Couchdb: the definitive guide

C’est un très bon livre technique qui vous apprendra en 200 pages comment admnistirer et utiliser Couchdb. Le concept de NoSQL y est très bien expliqué, le stockage de données sous forme de document aussi. On apprend à se servir de Couchdb mais on nous explique aussi comment cela marche sous le capot. Les fonctionnalités principales sont toutes abordées. Des cas concrets viennent illustrer le tout et vous aide à comprendre. Je ne sais pas si ce livre plaira à tout le monde mais il a éludé toutes les questions que je me posais pour répondre aux besoins de Newebe.

En bref, ce livre est redoutablement efficace et m’a permis d’appréhender très rapidement cette base de données dont je ne connaissais à peine le nom auparavant. En plus il est accessible en lecture libre sur le net. Que demander de plus ?

Getting Real


37signals, la société à l’origine de Basecamp (le logiciel de gestion de projets à succès) et de Ruby On Rails (le framework de développement web star), a édité il y a quelques années de cela Getting Real : la recette pour réaliser une bonne application web. On y apprend comment faire une application web utile avec un minimum d’efforts. Le concept prédominant est “Less Is More”. Faire moins c’est faire plus en gros. L’idée générale consiste à dire que plutôt que de faire un logiciel avec pléthores de features, il vaut mieux en faire un peu mais bien. Car un logiciel trop riche devient souvent trop complexe, à la qualité inégale et pas toujours pertinent. En réalisant peu de fonctionnalités, il est aisé de les faire bien et cela permet de livrer plus rapidement… Et par conséquent de pouvoir avoir des retours au plus vite dessus.

Le livre évoque bien d’autres choses qui tournent autour de cet aspect et de comment s’organiser pour y arriver : faire plus simple et faire moins pour mieux se concentrer sur ce qu’on à faire.

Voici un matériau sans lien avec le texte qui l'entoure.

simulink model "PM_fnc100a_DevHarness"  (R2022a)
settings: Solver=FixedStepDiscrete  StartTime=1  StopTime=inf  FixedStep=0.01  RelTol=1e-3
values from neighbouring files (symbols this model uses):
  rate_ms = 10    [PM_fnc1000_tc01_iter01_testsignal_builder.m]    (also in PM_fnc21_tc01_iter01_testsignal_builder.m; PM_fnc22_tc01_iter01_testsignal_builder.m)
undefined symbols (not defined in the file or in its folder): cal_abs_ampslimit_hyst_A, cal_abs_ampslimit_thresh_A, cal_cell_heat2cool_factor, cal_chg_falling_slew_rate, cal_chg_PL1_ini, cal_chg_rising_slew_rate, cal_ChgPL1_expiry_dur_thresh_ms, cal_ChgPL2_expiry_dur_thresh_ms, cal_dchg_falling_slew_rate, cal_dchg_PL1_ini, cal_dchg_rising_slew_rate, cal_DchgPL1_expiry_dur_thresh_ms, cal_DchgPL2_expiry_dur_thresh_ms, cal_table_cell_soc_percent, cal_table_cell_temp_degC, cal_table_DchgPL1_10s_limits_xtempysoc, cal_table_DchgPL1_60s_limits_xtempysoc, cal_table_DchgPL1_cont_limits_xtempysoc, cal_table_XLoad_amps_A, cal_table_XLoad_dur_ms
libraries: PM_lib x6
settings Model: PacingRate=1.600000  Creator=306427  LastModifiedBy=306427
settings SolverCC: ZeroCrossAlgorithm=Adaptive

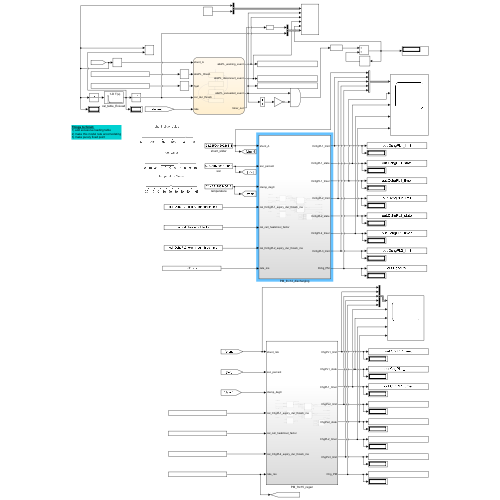
[thumbnail: Simulink's stored preview of the top-level diagram]
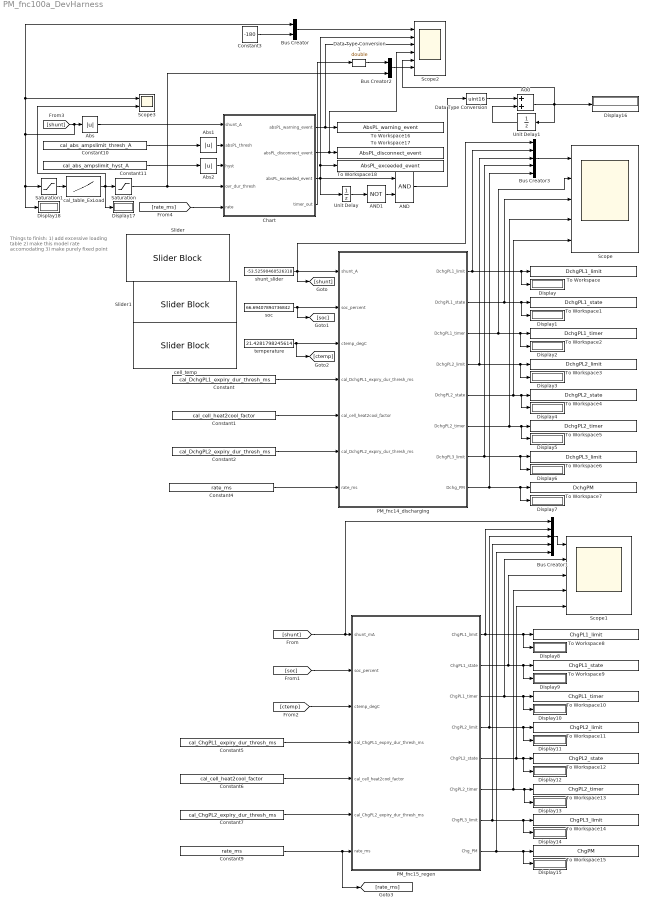
== system PM_fnc100a_DevHarness ==
  note: Things to finish:
      | 1) add excessive loading table
      | 2) make this model rate accomodating
      | 3) make purely fixed point
  AND : Logic  IconShape=distinctive  AllPortsSameDT=off  OutDataTypeStr=boolean
  AND1 : Logic  Operator=NOT  IconShape=distinctive  AllPortsSameDT=off  OutDataTypeStr=boolean
  Abs : Abs  SaturateOnIntegerOverflow=off
  Abs1 : Abs  SaturateOnIntegerOverflow=off
  Abs2 : Abs  SaturateOnIntegerOverflow=off
  Add : Sum
  Bus Creator : BusCreator  Inputs=2
  Bus Creator1 : BusCreator  Inputs=5
  Bus Creator2 : BusCreator  Inputs=2
  Bus Creator3 : BusCreator  Inputs=5
  Chart : Stateflow chart  TreatAsAtomicUnit=on
  Constant : Constant  Value=cal_DchgPL1_expiry_dur_thresh_ms
  Constant1 : Constant  Value=cal_cell_heat2cool_factor
  Constant10 : Constant  Value=cal_abs_ampslimit_thresh_A
  Constant11 : Constant  Value=cal_abs_ampslimit_hyst_A
  Constant2 : Constant  Value=cal_DchgPL2_expiry_dur_thresh_ms
  Constant3 : Constant  Value=-180
  Constant4 : Constant  Value=rate_ms
  Constant5 : Constant  Value=cal_ChgPL1_expiry_dur_thresh_ms
  Constant6 : Constant  Value=cal_cell_heat2cool_factor
  Constant7 : Constant  Value=cal_ChgPL2_expiry_dur_thresh_ms
  Constant9 : Constant  Value=rate_ms
  Data Type Conversion : DataTypeConversion  OutDataTypeStr=uint16  SaturateOnIntegerOverflow=off  RndMeth=Floor
  Data Type Conversion1 : DataTypeConversion  OutDataTypeStr=double  SaturateOnIntegerOverflow=off  RndMeth=Floor
  Display{,1..18} (19 alike) : Display
  PM_fnc14_discharging : Subsystem
  PM_fnc15_regen : Subsystem
  Saturation : Saturate  UpperLimit=3000  LowerLimit=10
  Saturation1 : Saturate  UpperLimit=2000  LowerLimit=0
  Scope : Scope  NumInputPorts=5
  Scope1 : Scope  NumInputPorts=5
  Scope2 : Scope  NumInputPorts=6
  Scope3 : Scope  NumInputPorts=2
  Slider : SliderBlock  ScaleMin=-500  ScaleMax=20
  Slider1 : SliderBlock
  To Workspace : ToWorkspace  VariableName=DchgPL1_limit  SampleTime=-1
      settings: Save2DSignal=2-D array (concatenate along first dimension)
  To Workspace1 : ToWorkspace  VariableName=DchgPL1_state  SampleTime=-1
      settings: Save2DSignal=2-D array (concatenate along first dimension)
  To Workspace10 : ToWorkspace  VariableName=ChgPL1_timer  SampleTime=-1
      settings: Save2DSignal=2-D array (concatenate along first dimension)
  To Workspace11 : ToWorkspace  VariableName=ChgPL2_limit  SampleTime=-1
      settings: Save2DSignal=2-D array (concatenate along first dimension)
  To Workspace12 : ToWorkspace  VariableName=ChgPL2_state  SampleTime=-1
      settings: Save2DSignal=2-D array (concatenate along first dimension)
  To Workspace13 : ToWorkspace  VariableName=ChgPL2_timer  SampleTime=-1
      settings: Save2DSignal=2-D array (concatenate along first dimension)
  To Workspace14 : ToWorkspace  VariableName=ChgPL3_limit  SampleTime=-1
      settings: Save2DSignal=2-D array (concatenate along first dimension)
  To Workspace15 : ToWorkspace  VariableName=ChgPM  SampleTime=-1
      settings: Save2DSignal=2-D array (concatenate along first dimension)
  To Workspace16 : ToWorkspace  VariableName=AbsPL_warning_event  SampleTime=-1
      settings: Save2DSignal=2-D array (concatenate along first dimension)
  To Workspace17 : ToWorkspace  VariableName=AbsPL_disconnect_event  SampleTime=-1
      settings: Save2DSignal=2-D array (concatenate along first dimension)
  To Workspace18 : ToWorkspace  VariableName=AbsPL_exceeded_event  SampleTime=-1
      settings: Save2DSignal=2-D array (concatenate along first dimension)
  To Workspace2 : ToWorkspace  VariableName=DchgPL1_timer  SampleTime=-1
      settings: Save2DSignal=2-D array (concatenate along first dimension)
  To Workspace3 : ToWorkspace  VariableName=DchgPL2_limit  SampleTime=-1
      settings: Save2DSignal=2-D array (concatenate along first dimension)
  To Workspace4 : ToWorkspace  VariableName=DchgPL2_state  SampleTime=-1
      settings: Save2DSignal=2-D array (concatenate along first dimension)
  To Workspace5 : ToWorkspace  VariableName=DchgPL2_timer  SampleTime=-1
      settings: Save2DSignal=2-D array (concatenate along first dimension)
  To Workspace6 : ToWorkspace  VariableName=DchgPL3_limit  SampleTime=-1
      settings: Save2DSignal=2-D array (concatenate along first dimension)
  To Workspace7 : ToWorkspace  VariableName=DchgPM  SampleTime=-1
      settings: Save2DSignal=2-D array (concatenate along first dimension)
  To Workspace8 : ToWorkspace  VariableName=ChgPL1_limit  SampleTime=-1
      settings: Save2DSignal=2-D array (concatenate along first dimension)
  To Workspace9 : ToWorkspace  VariableName=ChgPL1_state  SampleTime=-1
      settings: Save2DSignal=2-D array (concatenate along first dimension)
  Unit Delay : UnitDelay  SampleTime=-1  HasFrameUpgradeWarning=on
  Unit Delay1 : UnitDelay  SampleTime=-1  HasFrameUpgradeWarning=on
  cal_table_ExLoad : Lookup_n-D  NumberOfTableDimensions=1  BreakpointsForDimension1=cal_table_XLoad_amps_A  BeginIndexSearchUsingPreviousIndexResult=on  Table=cal_table_XLoad_dur_ms  ExtrapMethod=Clip  UseLastTableValue=on  InternalRulePriority=Speed  RndMeth=Simplest
  cell_temp : SliderBlock  ScaleMin=-20  ScaleMax=65
  shunt_slider : Constant  Value=-53.52590460526318  OutDataTypeStr=double
  soc : Constant  Value=66.69407894736842  OutDataTypeStr=double
  temperature : Constant  Value=21.4281798245614  OutDataTypeStr=double
  wires:
  soc/1 -> PM_fnc14_discharging/2(soc_percent), [soc]
  temperature/1 -> [ctemp], PM_fnc14_discharging/3(ctemp_degC)
  PM_fnc14_discharging/2(DchgPL1_state) -> Display1/1, To Workspace1/1, Scope/3
  PM_fnc14_discharging/3(DchgPL1_timer) -> To Workspace2/1, Display2/1, Scope/2
  PM_fnc14_discharging/5(DchgPL2_state) -> Display4/1, To Workspace4/1, Scope/5
  Bus Creator3/1 -> Scope/1
  PM_fnc14_discharging/6(DchgPL2_timer) -> Display5/1, To Workspace5/1, Scope/4
  PM_fnc15_regen/6(ChgPL2_timer) -> To Workspace13/1, Display13/1, Scope1/4
  PM_fnc15_regen/3(ChgPL1_timer) -> To Workspace10/1, Display10/1, Scope1/2
  PM_fnc15_regen/5(ChgPL2_state) -> To Workspace12/1, Display12/1, Scope1/5
  [shunt] -> Bus Creator1/1, PM_fnc15_regen/1(shunt_mA)
  [ctemp] -> PM_fnc15_regen/3(ctemp_degC)
  [soc] -> PM_fnc15_regen/2(soc_percent)
  Bus Creator1/1 -> Scope1/1
  PM_fnc15_regen/2(ChgPL1_state) -> To Workspace9/1, Display9/1, Scope1/3
  [shunt] -> Bus Creator/1, Scope3/1, Display18/1, Saturation1/1, Abs/1
  Abs1/1 -> Chart/2(absPL_thresh)
  Abs/1 -> Chart/1(shunt_A)
  Abs2/1 -> Chart/3(hyst)
  Chart/1(absPL_warning_event) -> To Workspace16/1, Scope2/3
  Chart/2(absPL_disconnect_event) -> To Workspace17/1, Scope2/4
  Unit Delay/1 -> AND1/1
  AND1/1 -> AND/2
  Add/1 -> Scope2/5, Display16/1, Unit Delay1/1
  AND/1 -> Data Type Conversion/1
  Unit Delay1/1 -> Add/2
  Data Type Conversion/1 -> Add/1
  cal_table_ExLoad/1 -> Scope3/2, Display17/1, Saturation/1
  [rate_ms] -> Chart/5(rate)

Il y ajoute donc des tonnes de conseils : des théories sur l’effet néfaste des interruptions au travail, comme quoi les réunions peuvent vite s’avérer contre productive, que travailler trop n’est pas une qualité…  Il insiste également sur le fait qu’il est important de donner vie au chose et ne pas viser trop haut pour au final ne jamais rien sortir. En effet c’est quand les choses existent (d’où le titre) qu’on peut commencer à voir quels sont vraiment les avantages et les défauts. La question de la communication autour du logiciel est abordée. de la même façon Le livre insiste sur le fait qu’il n’est pas utile de faire beaucoup de bruit au démarrage et qu’il vaut mieux cibler sa communication que faire de la diffusion de masses.

En fait la plupart des conseils sont de bon sens mais sont tellement à l’encontre des idées reçues que cela en devient surprenant. En fait pour moi c’est surtout rassurant de voir qu’on peut réussir un projet en appliquant ces principes.

Un peu en marge, le livre pose aussi la question de la décroissance ou plutôt de l’utilité de la croissance. Un logiciel qui marche et qui est rentable a-t-il vraiment besoin de toucher plus de monde ? Est-ce que cela vaut vraiment le coup de le faire grossir au risque de le rendre mauvais ou juste moins bien ?

Allez deux citations pour finir

“Mieux vaut moins, mais mieux” Lénine

“Vivre simplement pour que d’autres, simplement, puissent vivre” Gandhi

Rework

Je ne vais pas m’étendre sur ce livre car c’est un peu une redite du précédent. Les concepts évoqués dans Getting Real sont généralisés : ils ne sont pas orientés sur les applis web mais sur n’importequel type de petit business. Rework est aussi moins austère, il comporte de nombreuses illustrations qui le rende ludique. Il se lit très vite comme son prédécesseur. Ce livre est très bien mais inutile si vous avez déjà lu Getting Real.